# 1.5 Gallon Betta Tank



## banana1226 (Jul 11, 2012)

Hello everyone. Alright, so a few days ago my friend gave me her bettas fish that she could no longer keep. He came in maybe a .5 gallon bowl. So I switched him to a .9 gallon vase. He lived in that for 2 days while I made time to go to the pet store. Today I went and couldn't find anything under 40 dollars. My last stop was wal-mart. I bought a 1.5 gallon fish tank with a filter and LED light for $20. But after researching I realized I may have made a mistake. It is really too small for him? Will he be able to live a happy life? Will he be able to maintain healthiness? I feel really terrible! :[ I don't know what to do. I've already set everything up, and the fish is now inside the tank. I don't know if I can take it back.
I've spent most of my money I have on hand on that tank. I don't know what to do now, or where I can can get an affordable tank that's an appropriate size. Or where anyone educated on betta fish keeping would buy my stupid 1.5 gallon tank for 20 bucks, if I decide to sell it and buy a bigger tank. I feel awful :[ Is this tank suitable? Do I for sure have to get a new one?
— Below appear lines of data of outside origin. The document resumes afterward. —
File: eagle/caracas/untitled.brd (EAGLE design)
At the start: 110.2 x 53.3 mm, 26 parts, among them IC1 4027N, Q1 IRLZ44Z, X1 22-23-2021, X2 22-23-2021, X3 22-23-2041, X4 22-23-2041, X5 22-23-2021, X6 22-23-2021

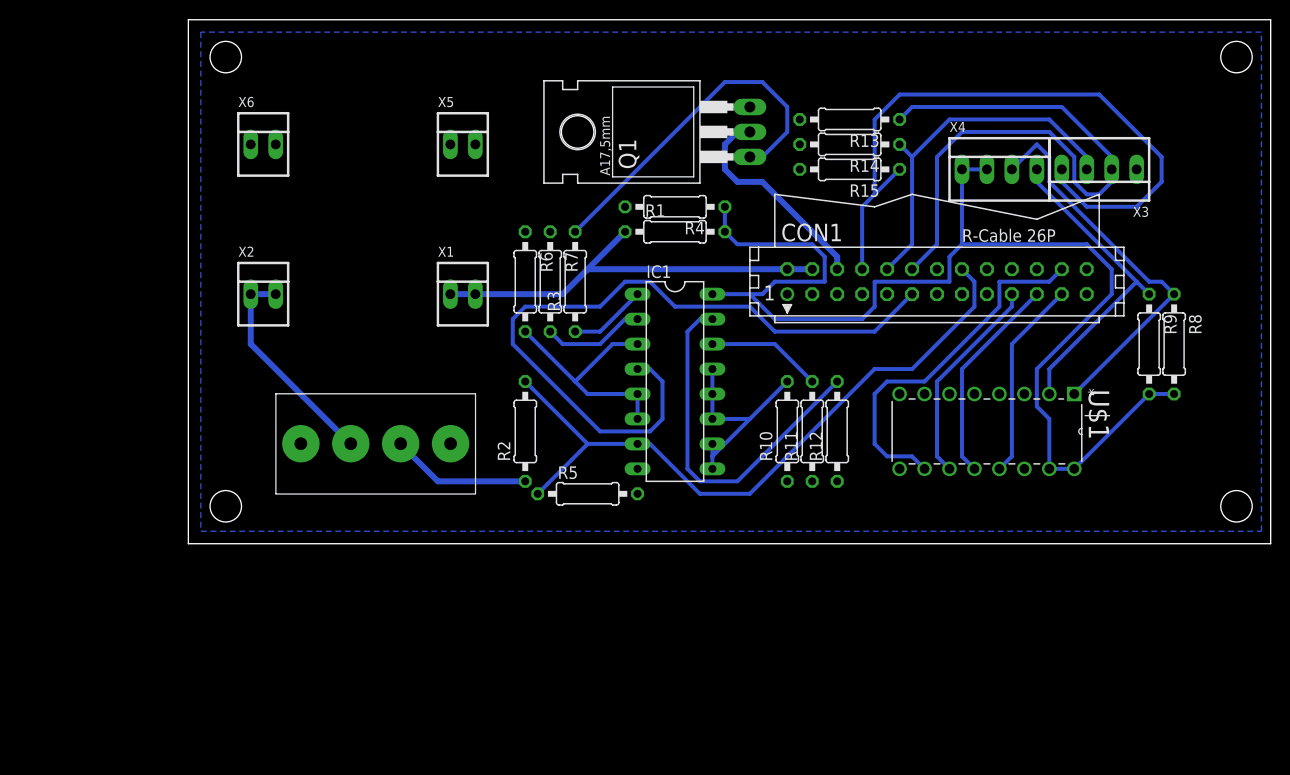
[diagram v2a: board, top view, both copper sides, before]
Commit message: Schematics: replace CD4027N J/K flip-flop with 4011N nand gates.
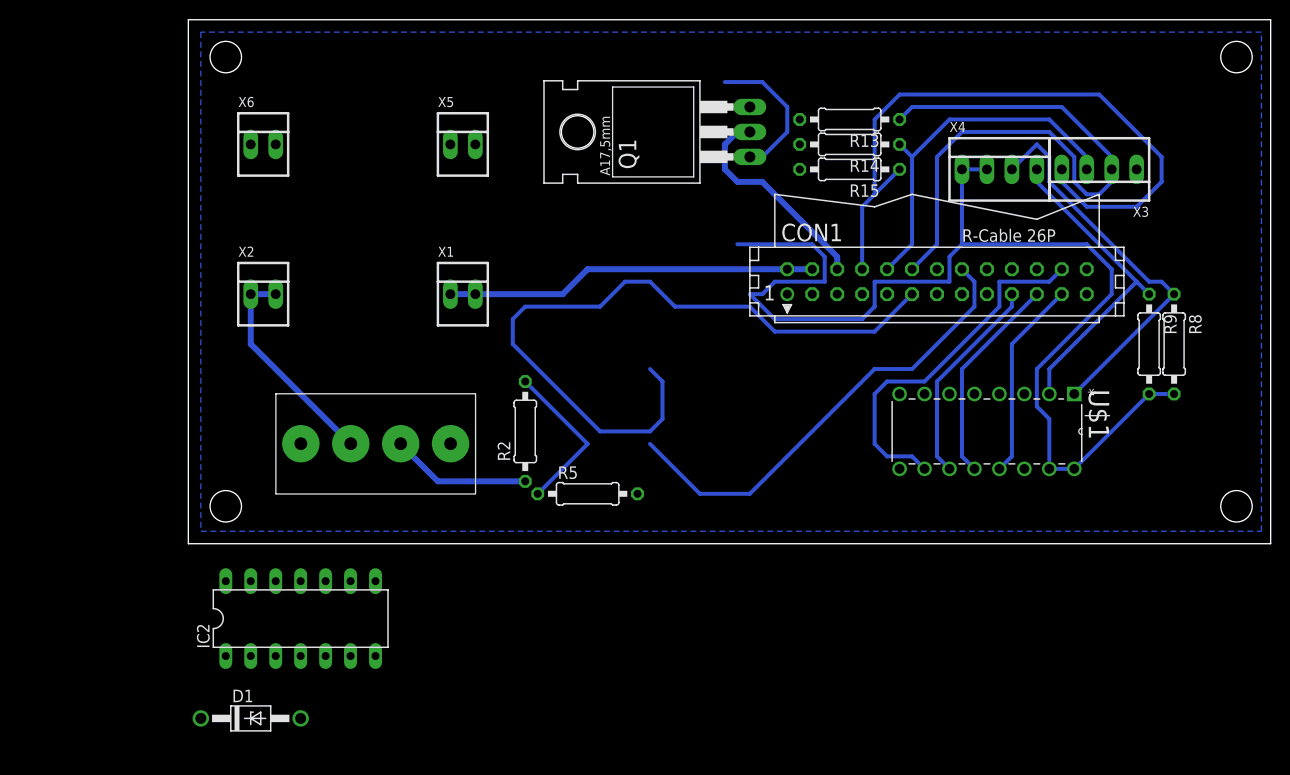
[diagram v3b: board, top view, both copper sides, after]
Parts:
- removed IC1: 4027N, 40xx:DIL16
- removed R1, R10, R11, R12, R3, R4, R6, R7: (no value), rcl:0207/10
- added D1: 1N4728, diode:DO41Z10
- added IC2: 4011N, 40xx:DIL14
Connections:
- removed net N$11: IC1.14, R11.2
- removed net N$12: IC1.10, IC1.11, IC1.12, IC1.13, IC1.9, R10.2
- removed net N$13: IC1.15, R12.2
- removed net N$14: IC1.1, R3.1
- removed net N$2: IC1.2, R7.2
- removed net N$9: IC1.3, IC1.5, IC1.6, R6.2
- removed net SUICIDE: CON1.11, IC1.4
- new net N$16: IC2.2, IC2.4
- new net RPI_RESET: CON1.11, IC2.6
- new net RPI_SET: IC2.1
- net +3.3V: now also CON1.1; no longer IC1.16, R1.2, R4.1
- net +5V: now also IC2.14; no longer R1.1
- net GND: now also D1.A, IC2.7; no longer IC1.8, R10.1, R11.1, R12.1, R4.2, R6.1, R7.1
- net N$1: now also IC2.3, IC2.5; no longer R3.2
- net POWER_STATE: now also D1.C; no longer IC1.7
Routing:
- net SUICIDE: track 74.8 -> 0.00 mm
- net RPI_RESET: track 0.00 -> 73.5 mm
- net N$13: track 37.0 -> 0.00 mm
- net N$9: track 24.5 -> 0.00 mm
- net N$12: track 22.2 -> 0.00 mm
- net N$1: track 36.4 -> 14.8 mm
- net N$11: track 11.7 -> 0.00 mm
- net N$2: track 10.5 -> 0.00 mm
- net +3.3V: track 123.3 -> 115.2 mm
- net N$14: track 7.93 -> 0.00 mm
- net POWER_STATE: track 69.9 -> 63.5 mm
- net +5V: track 43.3 -> 37.9 mm

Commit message: Remove obsolete component from electronics schematics. Clean up board paths.
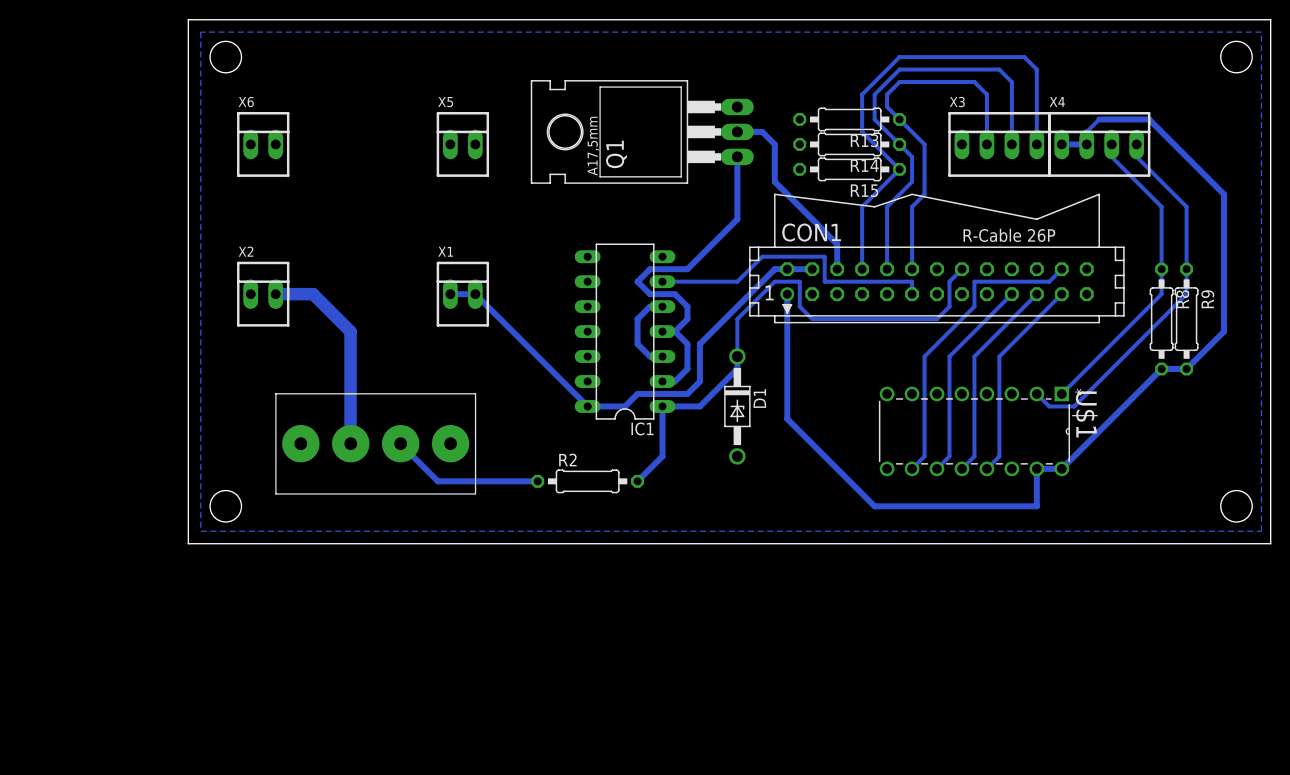
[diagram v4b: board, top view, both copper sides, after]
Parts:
- removed IC2: 4011N, 40xx:DIL14
- removed R5: (no value), rcl:0207/10
- added IC1: 4001N, 40xx:DIL14
- moved D1 58.8 mm to (55.9, 14.0), turned to 270 degrees
- moved X3 10.5 mm to (82.5, 40.6), turned to 0 degrees
- moved X4 10.5 mm to (92.7, 40.6)
- moved R2 8.13 mm to (40.6, 6.35), turned to 0 degrees
- moved R9 4.58 mm to (101.6, 22.9)
- moved R8 2.84 mm to (99.1, 22.9)
- moved Q1 1.27 mm to (49.5, 41.9)
- moved U$1 1.27 mm to (71.1, 7.62)
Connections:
- removed net N$16: IC2.2, IC2.4
- removed net RPI_SET: IC2.1
- new net MOSFET_ON: IC1.2, IC1.4, Q1.G
- net +5V: now also IC1.14; no longer IC2.14
- net GND: now also IC1.7, X3.1; no longer IC2.7, R5.2
- net N$1: now also IC1.3, IC1.5; no longer IC2.3, IC2.5, Q1.G
- net POWER_STATE: now also IC1.1; no longer R5.1
- net RPI_RESET: now also IC1.6; no longer IC2.6
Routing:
- net RPI_RESET: track 73.5 -> 30.3 mm
- net MOSFET_ON: track 0.00 -> 37.0 mm
- net N$10: track 62.7 -> 36.2 mm
- net N$7: track 68.3 -> 48.4 mm
- net +5V: track 37.9 -> 49.6 mm
- net POWER_STATE: track 63.5 -> 54.0 mm
- net +3.3V: track 115.2 -> 105.9 mm
- net ANA_0: track 39.7 -> 31.7 mm
- net N$1: track 14.8 -> 8.67 mm
- net N$6: track 37.0 -> 31.1 mm
- net N$8: track 36.5 -> 42.3 mm
- net ANA_1: track 32.5 -> 37.8 mm
- net +5V_SW_GND: track 22.0 -> 19.7 mm
- net VCC: track 22.0 -> 20.6 mm
- net +12V_IGN: track 14.3 -> 15.6 mm
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
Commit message: Use correct size for DC/DC converter, and compress size of board.
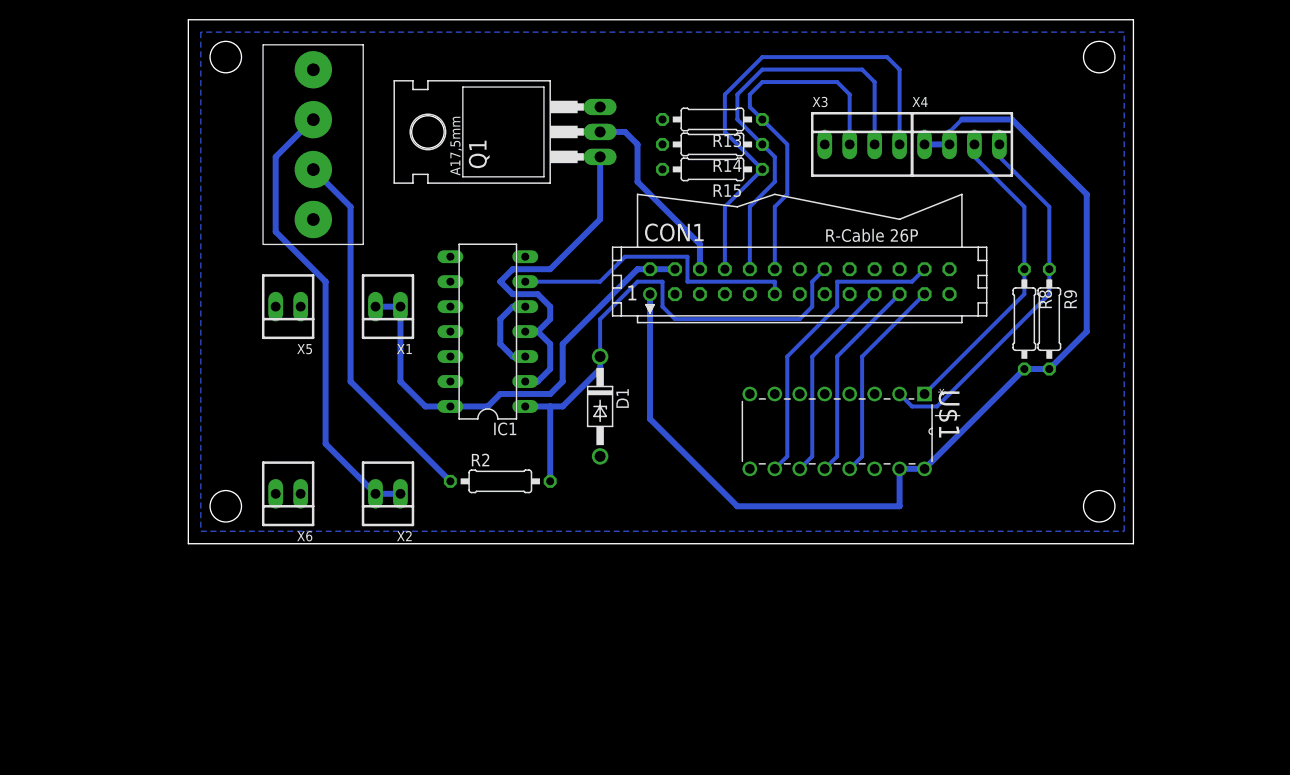
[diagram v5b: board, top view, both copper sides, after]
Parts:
- moved X6 35.7 mm to (10.2, 5.08), turned to 180 degrees
- moved U$2 31.1 mm to (12.7, 40.6), turned to 270 degrees
- moved X5 24.3 mm to (10.2, 24.1), turned to 180 degrees
- moved X2 24.0 mm to (20.3, 5.08), turned to 180 degrees
- moved CON1 14.0 mm to (62.2, 26.7)
- moved D1 14.0 mm to (41.9, 14.0)
- moved U$1 14.0 mm to (57.1, 7.62)
- moved IC1 14.0 mm to (30.5, 21.6)
- moved Q1 14.0 mm to (35.6, 41.9)
- moved R13 14.0 mm to (53.3, 43.2)
- moved R14 14.0 mm to (53.3, 40.6)
- moved R15 14.0 mm to (53.3, 38.1)
- moved R8 14.0 mm to (85.1, 22.9)
- moved R9 14.0 mm to (87.6, 22.9)
- moved X3 14.0 mm to (68.6, 40.6)
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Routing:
- net VCC: track 20.6 -> 46.4 mm
- net +12V_IGN: track 15.6 -> 37.5 mm
- net +5V: track 49.6 -> 47.2 mm
- net POWER_STATE: track 54.0 -> 53.0 mm
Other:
- board size 110.2 x 53.3 mm -> 96.2 x 53.3 mm

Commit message: Update schematics again.
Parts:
- added R1, R3: (no value), rcl:0207/10
- added T1: (no value), transistor:TO92-CBE
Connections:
- new net N$2: IC1.6, R1.2, T1.C
- new net N$9: R3.1, T1.B
- net +12V_IGN: now also IC1.1
- net +5V: no longer IC1.14
- net GND: now also T1.E
- net MOSFET_ON: no longer Q1.G
- net N$1: now also Q1.G
- net POWER_STATE: no longer IC1.1
- net RPI_RESET: now also R3.2; no longer IC1.6
- net VCC: now also IC1.14, R1.1
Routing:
- net VCC: track 46.4 -> 82.5 mm
- net MOSFET_ON: track 37.0 -> 8.67 mm
- net N$1: track 8.67 -> 33.1 mm
- net +12V_IGN: track 37.5 -> 48.3 mm
- net RPI_RESET: track 30.3 -> 22.6 mm
- net +5V: track 47.2 -> 41.7 mm
- net +5V_SW_GND: track 19.7 -> 17.1 mm
- net POWER_STATE: track 53.0 -> 50.5 mm
- net +3.3V: track 105.9 -> 104.6 mm

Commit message: Assign values to resistors.
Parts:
- added R4: 10k, rcl:0207/10
- added R5: 1.2k, rcl:0207/10
- added T2: (no value), transistor:TO92-CBE
- R1: value (none) -> 10k
- R3: value (none) -> 260
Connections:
- new net N$11: IC1.1, R4.2, T2.C
- new net N$12: R5.2, T2.B
- net +12V_IGN: now also R5.1; no longer IC1.1
- net GND: now also T2.E
- net VCC: now also R4.1
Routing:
- net +12V_IGN: track 48.3 -> 37.5 mm
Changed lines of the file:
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@@
 <element name="D1" library="diode" package="DO41Z10" value="1N4728" x="41.91" y="13.97" rot="R270"/>
 <element name="IC1" library="40xx" package="DIL14" value="4001N" x="30.48" y="21.59" rot="R90"/>
-<element name="R1" library="rcl" package="0207/10" value="" x="6.35" y="-5.08"/>
+<element name="R1" library="rcl" package="0207/10" value="10k" x="6.35" y="-5.08"/>
 <element name="T1" library="transistor" package="TO92-CBE" value="" x="-5.08" y="-1.27"/>
-<element name="R3" library="rcl" package="0207/10" value="" x="-2.54" y="-10.16"/>
+<element name="R3" library="rcl" package="0207/10" value="260" x="-2.54" y="-10.16"/>
+<element name="R4" library="rcl" package="0207/10" value="10k" x="-2.54" y="-15.24"/>
+<element name="T2" library="transistor" package="TO92-CBE" value="" x="-13.97" y="-11.43"/>
+<element name="R5" library="rcl" package="0207/10" value="1.2k" x="-11.43" y="-20.32"/>
 </elements>
 <signals>
@@
 <contactref element="T1" pad="E"/>
 <contactref element="Q1" pad="S"/>
+<contactref element="T2" pad="E"/>
+<wire x1="-2.54" y1="-1.27" x2="-11.43" y2="-11.43" width="0" layer="19" extent="1-1"/>
 <wire x1="8.89" y1="5.08" x2="-2.54" y2="-1.27" width="0" layer="19" extent="1-1"/>
 </signal>
@@
 <wire x1="16.51" y1="34.29" x2="16.51" y2="16.51" width="0.6096" layer="16"/>
 <wire x1="16.51" y1="16.51" x2="26.67" y2="6.35" width="0.6096" layer="16"/>
-<contactref element="IC1" pad="1"/>
 <contactref element="U$2" pad="P$4"/>
-<wire x1="26.67" y1="6.35" x2="34.29" y2="13.97" width="0.6096" layer="16"/>
 <wire x1="16.51" y1="34.29" x2="12.72" y2="38.08" width="0.6096" layer="16"/>
+<contactref element="R5" pad="1"/>
+<wire x1="16.51" y1="16.51" x2="-16.51" y2="-20.32" width="0" layer="19" extent="16-16"/>
 </signal>
 <signal name="+5V" class="2">
@@
 <wire x1="8.89" y1="39.33" x2="12.72" y2="43.16" width="0.6096" layer="16"/>
 <contactref element="R1" pad="1"/>
+<contactref element="R4" pad="1"/>
 <wire x1="1.27" y1="-5.08" x2="19.05" y2="5.08" width="0" layer="19" extent="1-1"/>
+<wire x1="-7.62" y1="-15.24" x2="1.27" y2="-5.08" width="0" layer="19" extent="1-1"/>
 </signal>
 <signal name="N$2">
@@
 <wire x1="-5.08" y1="-1.27" x2="-7.62" y2="-10.16" width="0" layer="19" extent="1-1"/>
 </signal>
+<signal name="N$11">
+<contactref element="IC1" pad="1"/>
+<contactref element="R4" pad="2"/>
+<contactref element="T2" pad="C"/>
+<wire x1="2.54" y1="-15.24" x2="34.29" y2="13.97" width="0" layer="19" extent="1-1"/>
+<wire x1="-16.51" y1="-11.43" x2="2.54" y2="-15.24" width="0" layer="19" extent="1-1"/>
+</signal>
+<signal name="N$12">
+<contactref element="R5" pad="2"/>
+<contactref element="T2" pad="B"/>
+<wire x1="-13.97" y1="-11.43" x2="-6.35" y2="-20.32" width="0" layer="19" extent="1-1"/>
+</signal>
 </signals>

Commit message: WIP schematics
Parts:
- removed CON1: (no value), con-harting:CON26
- removed R13, R14, R15: (no value), rcl:0207/10
- removed U$2: MKDS3, caracas:MKDS3
- added MCP3008: MCP3008-I/P, mpc3008:DIP254P762X432-16
- added R10: 1k, rcl:0207/10
- added R6, R7: 330, rcl:0207/10
- added RASPBERRYPI: (no value), con-harting:CON26
- R1: value 10k -> 870
- R2: value (none) -> 1.2k
- R3: value 260 -> 10k
- R5: value 1.2k -> 260
- R8: value (none) -> 330
- R9: value (none) -> 1k
- U$1: value MCP3008-I/P -> MKDS3; device mpc3008:DIP254P762X432-16 -> caracas:MKDS3
- X3: value 22-23-2041 -> 22-23-2021; device con-molex:22-23-2041 -> con-molex:22-23-2021
- X6: value 22-23-2021 -> 22-23-2041; device con-molex:22-23-2021 -> con-molex:22-23-2041
- moved X6 78.4 mm to (80.0, 40.6), turned to 0 degrees
- moved R5 72.9 mm to (36.8, 34.3)
- moved X3 68.4 mm to (10.2, 5.08), turned to 180 degrees
- moved T2 57.5 mm to (27.9, 27.9), turned to 180 degrees
- moved U$1 55.4 mm to (12.7, 40.6)
- moved T1 40.2 mm to (27.9, 21.6), turned to 180 degrees
- moved R4 39.7 mm to (27.9, 10.2), turned to 90 degrees
- moved R3 38.8 mm to (30.5, 10.2), turned to 90 degrees
- moved R1 37.0 mm to (40.6, 8.89)
- moved R8 36.6 mm to (54.6, 43.2), turned to 180 degrees
- moved D1 10.9 mm to (52.1, 10.2)
- moved X1 10.2 mm to (10.2, 24.1)
- moved X5 10.2 mm to (20.3, 24.1)
- moved X4 8.89 mm to (69.8, 40.6)
- moved IC1 7.73 mm to (38.1, 22.9)
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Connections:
- net +12V_IGN: now also R1.1, U$1.P$4; no longer R5.1, U$2.P$4
- net +3.3V: now also MCP3008.15, MCP3008.16, R10.2, RASPBERRYPI.1, X6.1, X6.2; no longer CON1.1, R8.2, U$1.15, U$1.16, X4.1, X4.2
- net +5V: now also RASPBERRYPI.2, RASPBERRYPI.4, X5.1, X5.2; no longer CON1.2, CON1.4, X1.1, X1.2
- net +5V_SW_GND: now also RASPBERRYPI.6; no longer CON1.6
- net ANA_0: now also MCP3008.1, R10.1, X6.3; no longer R8.1, U$1.1, X4.3
- net ANA_1: now also MCP3008.2, X6.4; no longer U$1.2, X4.4
- net GND: now also MCP3008.14, MCP3008.9, R6.2, R7.2, R8.2, U$1.P$1, X1.1, X1.2, X3.2, X4.1; no longer R13.2, R14.2, R15.2, U$1.14, U$1.9, U$2.P$1, X5.1, X5.2, X6.1, X6.2
- net N$10: now also R8.1, RASPBERRYPI.12, X4.2; no longer CON1.12, R13.1, X3.2
- net N$11: now also R3.2, T1.C; no longer R4.2, T2.C
- net N$12: now also R2.2, T1.B; no longer R5.2, T2.B
- net N$2: now also R4.2, T2.C; no longer R1.2, T1.C
- net N$3: now also MCP3008.13, RASPBERRYPI.23; no longer CON1.23, U$1.13
- net N$4: now also MCP3008.12, RASPBERRYPI.21; no longer CON1.21, U$1.12
- net N$5: now also MCP3008.11, RASPBERRYPI.19; no longer CON1.19, U$1.11
- net N$6: now also MCP3008.10, RASPBERRYPI.24; no longer CON1.24, U$1.10
- net N$7: now also R6.1, RASPBERRYPI.8, X4.4; no longer CON1.8, R15.1, X3.4
- net N$8: now also R7.1, RASPBERRYPI.10, X4.3; no longer CON1.10, R14.1, X3.3
- net N$9: now also R5.1, T2.B; no longer R3.1, T1.B
- net POWER_STATE: now also R1.2, RASPBERRYPI.16; no longer CON1.16, R2.2
- net RPI_RESET: now also R5.2, RASPBERRYPI.11; no longer CON1.11, R3.2
- net VCC: now also R3.1, U$1.P$3; no longer R1.1, U$2.P$3
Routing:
- net N$1: track 33.1 -> 85.5 mm
- net N$2: track 0.00 -> 26.8 mm
- net N$11: track 0.00 -> 18.8 mm
- net +12V_IGN: track 37.5 -> 52.9 mm
- net N$9: track 0.00 -> 7.93 mm
- net N$12: track 0.00 -> 7.40 mm
- net +3.3V: track 104.6 -> 97.7 mm
- net VCC: track 82.5 -> 77.6 mm
- net +5V: track 41.7 -> 45.6 mm
- net +5V_SW_GND: track 17.1 -> 20.9 mm
- net RPI_RESET: track 22.6 -> 25.0 mm
- net POWER_STATE: track 50.5 -> 48.2 mm
- net ANA_1: track 37.8 -> 36.8 mm
- net ANA_0: track 31.7 -> 30.7 mm
- net N$7: track 48.4 -> 47.7 mm

My 1.5 Gallon Betta Tank - YouTube

Please help me and my :betta:!


----------



## Marci99205 (Dec 13, 2011)

I got a 5.5 for $35 @ petsmart Top Fin&reg 5.5 Gallon Aquarium Starter KIt - Specialty Pet Month - Featured Products - PetSmart


----------



## Kehy (Apr 19, 2011)

I kept bettas in a 1.5 before, and while it's not ideal, there are several things that apply to tanks of all sizes that can improve his life. Really, a 5 gallon or even a 10 would be best, but I understand the money thing. Check craigslist, the classifieds, garage sales, thrift stores, and so on. You can get amazing deals on tanks. (I've seen a 6' long tank at GoodWill for $14)

*Live plants* I cannot stress this enough, live plants make a huge impact on fish and water quality. You may have to replace the stock lighting that comes with a tank, but that can be as easy as a desk lamp and the right kind of light bulb. Many plants like mosses, anubias, crypts, and swords are very easy to grow, and many can survive just about anything you can throw at them. They will help absorb ammonia, nitrites and nitrates, and keep the water healthier for fish. 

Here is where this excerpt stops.